Setelah menghapus semua elemen, saya memulai proses pembuatan teh, yang sedikit berbeda dari yang digunakan di dunia kita dan membutuhkan ribuan percobaan di ruang Warisan saya sebelum saya dapat menyalin semua yang dilakukan Lord Al.

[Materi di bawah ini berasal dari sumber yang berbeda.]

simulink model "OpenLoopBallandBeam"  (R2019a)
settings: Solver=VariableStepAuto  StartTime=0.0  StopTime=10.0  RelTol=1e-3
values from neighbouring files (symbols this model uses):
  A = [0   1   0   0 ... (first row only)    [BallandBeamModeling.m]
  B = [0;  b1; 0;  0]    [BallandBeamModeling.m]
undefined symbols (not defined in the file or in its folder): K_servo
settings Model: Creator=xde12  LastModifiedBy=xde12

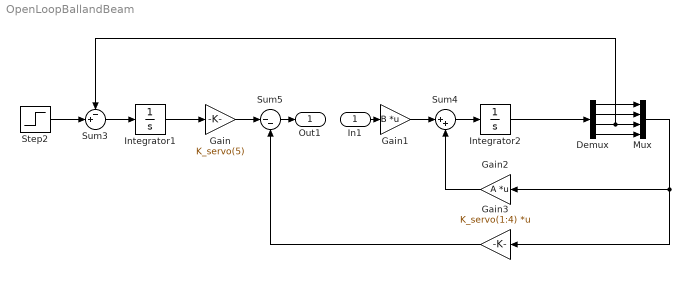
== system OpenLoopBallandBeam ==
  In1 : Inport
  Demux : Demux
  Gain : Gain  Gain=K_servo(5)
  Gain1 : Gain  Gain=B  Multiplication=Matrix(K*u)
  Gain2 : Gain  Gain=A  Multiplication=Matrix(K*u)
  Gain3 : Gain  Gain=K_servo(1:4)  Multiplication=Matrix(K*u)
  Integrator1 : Integrator
  Integrator2 : Integrator
  Mux : Mux
  Step2 : Step  Time=0  After=5  SampleTime=0.005
  Sum3 : Sum  Inputs=-+|
  Sum4 : Sum  Inputs=|++
  Sum5 : Sum  Inputs=|--
  Out1 : Outport
  wires:
  Step2/1 -> Sum3/2
  Sum3/1 -> Integrator1/1
  Integrator1/1 -> Gain/1
  Gain1/1 -> Sum4/1
  Sum4/1 -> Integrator2/1
  Gain/1 -> Sum5/1
  Gain2/1 -> Sum4/2
  Integrator2/1 -> Demux/1
  Demux/1 -> Mux/1
  Demux/2 -> Mux/2
  Demux/3 -> Sum3/1, Mux/3
  Demux/4 -> Mux/4
  Mux/1 -> Gain3/1, Gain2/1
  Gain3/1 -> Sum5/2
  Sum5/1 -> Out1/1
  In1/1 -> Gain1/1

Beberapa menit kemudian, ketika mata air mulai berkilauan, saya membuka kotak kayu dan mengeluarkan sekantong Teh. Kantong itu berisi teh campuran; tidak hanya memiliki daun teh tetapi juga banyak bunga dan rempah-rempah langka, dan semuanya adalah Kelas Kaisar.
Kotak hadiah besar yang diberikan Lord Al kepadaku memiliki beberapa kantong teh di dalamnya, dan aku hanya membuat Teh tiga kali; mereka terlalu berharga untuk diminum secara teratur meskipun manfaat yang diberikannya ketika saya meminumnya setiap kali.
Saat saya membuat Teh, saya telah menutupi diri saya dan seluruh stasiun dengan lapisan energi, sehingga tidak ada yang bisa mencium atau melihat apa yang terjadi; Saya ingin benar-benar terkejut.
Dua puluh menit kemudian, saya mengisi empat cangkir dengan cairan emas sebelum menyajikannya kepada Guru dan yang lainnya. Cangkir teh ini istimewa; uap Teh akan terkandung dalam cangkir kecuali bibir seseorang menyentuhnya.
Tidak ada yang berbicara saat saya menyajikan cangkir; mereka menatap cairan emas samar dalam cangkir sebelum mengangkat cangkir ke bibir mereka dan membeku; mereka bertiga membeku bersamaan, dan sesaat kemudian, perubahan besar terjadi di wajah mereka saat uap memasuki hidung mereka.
Senyum tidak bisa tidak muncul di wajahku melihat reaksi mereka ketika ekspresi serupa muncul di wajahku ketika aku pertama kali menghirup Teh yang disajikan Lord Al kepadaku.
Beberapa detik kemudian, mereka sadar dan menyesap teh satu demi satu, dan sekali lagi ekspresi mereka berubah, dan kali ini reaksinya bahkan lebih besar.
Teh tidak hanya rasanya luar biasa, tetapi juga sangat bermanfaat. Itu terbuat dari bahan Tyrant Grade, sehingga sangat bermanfaat bagi Tyrant dan Kaisar juga bisa meminumnya dan menikmati manfaatnya karena sifatnya yang ringan.
Banyak teh yang saya minum dengan Lord Al sangat bermanfaat bagi saya. Mereka telah membantu saya dari detoksifikasi menjadi menstabilkan tubuh saya.
“Teh apa ini? Aku belum pernah minum teh sehebat ini?” Guru bertanya ketika dia selesai dengan Teh. “Ini disebut Golden Orchard; ini adalah jenis teh pembersih,” jawab saya.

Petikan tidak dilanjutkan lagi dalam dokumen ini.